Observations of the parent galaxies revealed signs of recent mergers, where two galaxies had collided to form a single new one. Archived images captured by NASA's Hubble Space Telescope showed that each parent galaxy had a supermassive black hole at its center. Foley concluded that, as the galaxies united, the supermassive black holes also combined. The gravity of this new binary black hole interacted with the binary stars and cast them from their home galaxy.

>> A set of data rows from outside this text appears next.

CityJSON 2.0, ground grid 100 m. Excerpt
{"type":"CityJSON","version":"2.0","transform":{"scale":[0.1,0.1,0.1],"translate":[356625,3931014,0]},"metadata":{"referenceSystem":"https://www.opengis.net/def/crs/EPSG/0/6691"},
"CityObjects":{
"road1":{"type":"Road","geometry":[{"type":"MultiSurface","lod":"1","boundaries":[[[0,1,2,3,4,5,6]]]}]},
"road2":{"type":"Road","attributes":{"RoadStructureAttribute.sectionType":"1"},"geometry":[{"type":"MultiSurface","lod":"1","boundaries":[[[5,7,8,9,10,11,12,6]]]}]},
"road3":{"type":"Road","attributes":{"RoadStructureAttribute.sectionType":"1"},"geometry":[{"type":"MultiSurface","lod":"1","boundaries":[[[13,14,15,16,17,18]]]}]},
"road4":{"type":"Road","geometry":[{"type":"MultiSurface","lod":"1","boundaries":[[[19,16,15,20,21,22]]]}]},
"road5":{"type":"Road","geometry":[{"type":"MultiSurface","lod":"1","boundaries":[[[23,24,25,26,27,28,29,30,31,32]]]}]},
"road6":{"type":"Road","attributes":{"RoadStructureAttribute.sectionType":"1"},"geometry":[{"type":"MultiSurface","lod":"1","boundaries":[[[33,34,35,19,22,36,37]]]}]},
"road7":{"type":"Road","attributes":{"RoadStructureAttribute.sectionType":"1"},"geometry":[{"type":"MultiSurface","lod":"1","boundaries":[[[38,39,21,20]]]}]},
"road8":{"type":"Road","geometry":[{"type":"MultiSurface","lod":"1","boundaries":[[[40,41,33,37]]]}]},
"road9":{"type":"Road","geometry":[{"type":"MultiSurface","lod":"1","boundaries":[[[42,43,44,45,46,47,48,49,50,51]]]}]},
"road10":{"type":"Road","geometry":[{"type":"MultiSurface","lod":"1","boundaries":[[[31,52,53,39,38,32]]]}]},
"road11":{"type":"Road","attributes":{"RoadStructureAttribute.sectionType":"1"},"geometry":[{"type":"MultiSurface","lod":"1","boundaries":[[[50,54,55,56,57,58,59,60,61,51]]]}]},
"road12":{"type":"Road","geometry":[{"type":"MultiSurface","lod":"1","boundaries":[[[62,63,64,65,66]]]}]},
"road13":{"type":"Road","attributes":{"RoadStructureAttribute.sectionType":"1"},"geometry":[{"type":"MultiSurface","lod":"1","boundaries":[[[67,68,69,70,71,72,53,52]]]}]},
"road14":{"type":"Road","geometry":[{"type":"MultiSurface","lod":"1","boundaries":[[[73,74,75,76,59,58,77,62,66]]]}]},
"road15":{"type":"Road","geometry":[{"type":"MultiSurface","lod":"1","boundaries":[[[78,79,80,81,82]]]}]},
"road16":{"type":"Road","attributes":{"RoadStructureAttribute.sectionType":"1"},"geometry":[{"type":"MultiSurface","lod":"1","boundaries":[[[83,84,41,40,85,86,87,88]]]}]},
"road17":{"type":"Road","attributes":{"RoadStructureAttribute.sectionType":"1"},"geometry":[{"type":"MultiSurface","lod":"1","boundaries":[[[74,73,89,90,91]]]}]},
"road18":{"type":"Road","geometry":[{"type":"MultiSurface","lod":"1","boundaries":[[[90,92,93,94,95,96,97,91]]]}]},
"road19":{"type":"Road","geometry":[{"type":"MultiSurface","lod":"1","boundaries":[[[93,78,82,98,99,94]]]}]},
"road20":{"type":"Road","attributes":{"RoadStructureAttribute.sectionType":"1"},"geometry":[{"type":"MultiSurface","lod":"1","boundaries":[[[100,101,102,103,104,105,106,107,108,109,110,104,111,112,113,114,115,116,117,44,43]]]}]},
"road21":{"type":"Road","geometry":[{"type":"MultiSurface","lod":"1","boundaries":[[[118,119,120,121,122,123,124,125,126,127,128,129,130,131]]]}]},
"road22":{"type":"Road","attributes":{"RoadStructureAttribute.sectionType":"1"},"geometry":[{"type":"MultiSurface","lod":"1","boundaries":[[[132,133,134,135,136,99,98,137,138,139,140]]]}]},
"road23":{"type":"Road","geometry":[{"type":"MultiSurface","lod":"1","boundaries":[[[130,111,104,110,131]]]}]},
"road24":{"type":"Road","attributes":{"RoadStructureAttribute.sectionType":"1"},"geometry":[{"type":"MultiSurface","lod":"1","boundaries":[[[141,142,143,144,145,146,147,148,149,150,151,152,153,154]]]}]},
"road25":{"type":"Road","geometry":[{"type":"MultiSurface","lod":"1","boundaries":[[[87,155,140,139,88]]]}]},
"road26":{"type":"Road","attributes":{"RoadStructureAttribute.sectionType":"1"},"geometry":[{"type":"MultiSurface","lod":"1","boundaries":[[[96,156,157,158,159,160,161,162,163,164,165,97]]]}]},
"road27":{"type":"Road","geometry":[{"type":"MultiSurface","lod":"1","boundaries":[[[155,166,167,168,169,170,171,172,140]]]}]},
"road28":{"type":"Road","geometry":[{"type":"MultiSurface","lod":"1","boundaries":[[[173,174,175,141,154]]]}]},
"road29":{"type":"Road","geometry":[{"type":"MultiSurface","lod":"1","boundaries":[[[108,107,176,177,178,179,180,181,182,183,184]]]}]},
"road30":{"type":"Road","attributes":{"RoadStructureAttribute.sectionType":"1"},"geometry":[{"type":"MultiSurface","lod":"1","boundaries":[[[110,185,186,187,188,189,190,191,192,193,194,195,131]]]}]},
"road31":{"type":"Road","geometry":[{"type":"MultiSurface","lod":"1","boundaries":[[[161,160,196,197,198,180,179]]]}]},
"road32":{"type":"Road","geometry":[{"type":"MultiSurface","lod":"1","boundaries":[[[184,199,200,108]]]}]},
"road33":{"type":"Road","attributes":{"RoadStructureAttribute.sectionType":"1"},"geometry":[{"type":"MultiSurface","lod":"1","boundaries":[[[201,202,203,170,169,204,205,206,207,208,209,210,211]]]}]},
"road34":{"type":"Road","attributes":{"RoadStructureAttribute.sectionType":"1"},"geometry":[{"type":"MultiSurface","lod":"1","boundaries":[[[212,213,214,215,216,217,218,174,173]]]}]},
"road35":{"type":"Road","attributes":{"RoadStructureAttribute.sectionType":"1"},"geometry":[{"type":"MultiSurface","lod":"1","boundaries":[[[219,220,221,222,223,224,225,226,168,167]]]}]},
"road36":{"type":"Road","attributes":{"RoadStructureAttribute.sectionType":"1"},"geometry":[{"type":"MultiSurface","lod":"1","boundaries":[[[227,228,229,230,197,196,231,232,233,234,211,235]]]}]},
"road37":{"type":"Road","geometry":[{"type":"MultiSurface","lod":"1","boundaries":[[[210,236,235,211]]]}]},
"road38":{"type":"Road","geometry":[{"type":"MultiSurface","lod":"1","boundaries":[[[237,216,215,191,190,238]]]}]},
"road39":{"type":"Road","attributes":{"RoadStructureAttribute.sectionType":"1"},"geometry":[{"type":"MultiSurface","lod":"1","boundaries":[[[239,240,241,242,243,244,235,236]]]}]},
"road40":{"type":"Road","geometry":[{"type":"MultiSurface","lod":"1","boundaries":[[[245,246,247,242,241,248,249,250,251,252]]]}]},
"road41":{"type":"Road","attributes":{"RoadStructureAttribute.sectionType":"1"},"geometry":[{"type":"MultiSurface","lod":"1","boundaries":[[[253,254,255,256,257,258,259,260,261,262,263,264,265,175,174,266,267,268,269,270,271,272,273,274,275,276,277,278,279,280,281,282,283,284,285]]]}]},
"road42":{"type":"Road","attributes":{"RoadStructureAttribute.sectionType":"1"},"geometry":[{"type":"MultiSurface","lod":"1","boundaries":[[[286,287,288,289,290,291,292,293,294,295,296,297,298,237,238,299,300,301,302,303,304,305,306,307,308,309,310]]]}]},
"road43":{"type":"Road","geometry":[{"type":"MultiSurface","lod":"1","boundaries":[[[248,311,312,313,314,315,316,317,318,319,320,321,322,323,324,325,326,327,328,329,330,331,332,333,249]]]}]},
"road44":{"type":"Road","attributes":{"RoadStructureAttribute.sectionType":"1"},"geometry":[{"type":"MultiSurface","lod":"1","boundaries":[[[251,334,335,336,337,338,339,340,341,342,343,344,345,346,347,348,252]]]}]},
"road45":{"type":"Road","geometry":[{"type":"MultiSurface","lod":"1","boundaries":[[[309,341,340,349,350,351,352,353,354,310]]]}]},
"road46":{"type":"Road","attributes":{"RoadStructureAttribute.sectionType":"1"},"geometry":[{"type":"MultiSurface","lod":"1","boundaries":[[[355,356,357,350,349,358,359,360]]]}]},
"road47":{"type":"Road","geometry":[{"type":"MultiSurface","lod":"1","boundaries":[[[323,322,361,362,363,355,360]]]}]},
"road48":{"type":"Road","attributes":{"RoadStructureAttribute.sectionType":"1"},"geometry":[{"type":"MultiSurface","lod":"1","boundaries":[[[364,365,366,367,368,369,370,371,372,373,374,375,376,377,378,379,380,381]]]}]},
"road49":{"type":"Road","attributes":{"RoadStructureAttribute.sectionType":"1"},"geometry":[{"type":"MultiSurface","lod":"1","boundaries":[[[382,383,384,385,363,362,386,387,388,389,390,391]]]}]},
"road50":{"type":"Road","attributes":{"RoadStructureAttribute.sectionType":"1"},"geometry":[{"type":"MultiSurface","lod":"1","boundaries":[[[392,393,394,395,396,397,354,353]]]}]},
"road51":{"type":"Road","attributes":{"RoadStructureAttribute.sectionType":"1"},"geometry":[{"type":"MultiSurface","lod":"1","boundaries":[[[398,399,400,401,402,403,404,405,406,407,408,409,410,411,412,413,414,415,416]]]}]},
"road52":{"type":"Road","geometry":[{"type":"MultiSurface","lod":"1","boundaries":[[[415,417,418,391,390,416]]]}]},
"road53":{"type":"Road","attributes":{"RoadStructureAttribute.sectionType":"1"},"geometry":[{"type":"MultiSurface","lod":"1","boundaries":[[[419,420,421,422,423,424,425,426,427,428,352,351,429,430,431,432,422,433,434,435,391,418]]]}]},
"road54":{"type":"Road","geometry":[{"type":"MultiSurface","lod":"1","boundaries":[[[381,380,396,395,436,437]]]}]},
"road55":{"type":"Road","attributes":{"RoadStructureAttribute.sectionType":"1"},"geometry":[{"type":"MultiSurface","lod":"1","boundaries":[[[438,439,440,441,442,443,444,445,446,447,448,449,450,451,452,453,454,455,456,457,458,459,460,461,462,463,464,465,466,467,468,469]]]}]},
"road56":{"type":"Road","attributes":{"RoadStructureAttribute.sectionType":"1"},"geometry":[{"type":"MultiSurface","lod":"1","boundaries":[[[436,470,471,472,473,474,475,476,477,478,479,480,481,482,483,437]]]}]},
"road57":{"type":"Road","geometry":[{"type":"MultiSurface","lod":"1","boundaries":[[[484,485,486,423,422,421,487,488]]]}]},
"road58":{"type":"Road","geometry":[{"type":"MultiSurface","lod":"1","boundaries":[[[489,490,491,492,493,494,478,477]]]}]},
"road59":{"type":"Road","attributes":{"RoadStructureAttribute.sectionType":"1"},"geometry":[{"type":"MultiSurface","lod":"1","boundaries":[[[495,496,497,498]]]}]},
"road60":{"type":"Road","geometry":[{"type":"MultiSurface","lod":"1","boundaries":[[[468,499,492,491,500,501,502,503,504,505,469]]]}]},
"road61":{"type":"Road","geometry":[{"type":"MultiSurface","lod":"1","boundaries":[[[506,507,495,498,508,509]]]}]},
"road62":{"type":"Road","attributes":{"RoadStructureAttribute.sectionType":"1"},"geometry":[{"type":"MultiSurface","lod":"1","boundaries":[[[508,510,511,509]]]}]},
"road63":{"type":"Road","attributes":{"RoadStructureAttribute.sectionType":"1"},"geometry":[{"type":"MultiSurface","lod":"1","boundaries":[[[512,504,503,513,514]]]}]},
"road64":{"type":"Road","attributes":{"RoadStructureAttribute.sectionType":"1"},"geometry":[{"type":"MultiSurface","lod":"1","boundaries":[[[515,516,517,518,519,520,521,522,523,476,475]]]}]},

"You have two dancing partners, they do-si-do, and one pair gets flung away," Foley said.

"The white dwarf and its partner are ejected out like from a slingshot, and after traveling at a high speed for about 50 million years, explode in the middle of nowhere."

A shorter fuse

The time scale of this destructive process (about 50 million years) is much shorter than the time scientists think a white dwarf merger would take under normal circumstances, the statement said. The ejection could also explain what sped up the explosive process between the binary stars.

"Many of these stars will be flung far away, and those ejected stars in surviving binary systems will orbit even closer after the encounter," the statement from the Hubble news center said. The closer the two stars get, the faster they spin around one another, the stronger the gravitational pull becomes between them. The force of the gravity pulls material from one star onto the surface of the other, and previous work has shown that this accumulation of matter eventually causes the growing white dwarf to explode as a supernova.

"The interaction with the black holes shortens that fuse," Foley said.

While the black hole at the center of the Milky Way only ejects about one star every 100 years, a binary supermassive black hole may toss out around 100 stars every year.

Though the source of the isolated supernovae has been identified, some mysteries remain. The explosions tend to produce more than five times the amount of calcium produced by other supernovae and significantly less iron. Most supernovae create elements that are heavier than calcium, such as iron and nickel, in their hearts. The lack of heavy elements suggests that these isolated explosions have lower energy than other supernovae.

Foley hopes that by tracking down more of these isolated supernovae, scientists could also find more binary supermassive black hole systems, which are rare and interesting phenomena that could provide clues about several mysteries of physics, such as general and special relativity.

"These supernovae could be the bread crumbs to find our way to these supermassive binary black holes, and we could potentially find them in much higher numbers," Foley said.

The findings were published online on Aug. 12, in the journal Monthly Notices of the Royal Astronomical Society.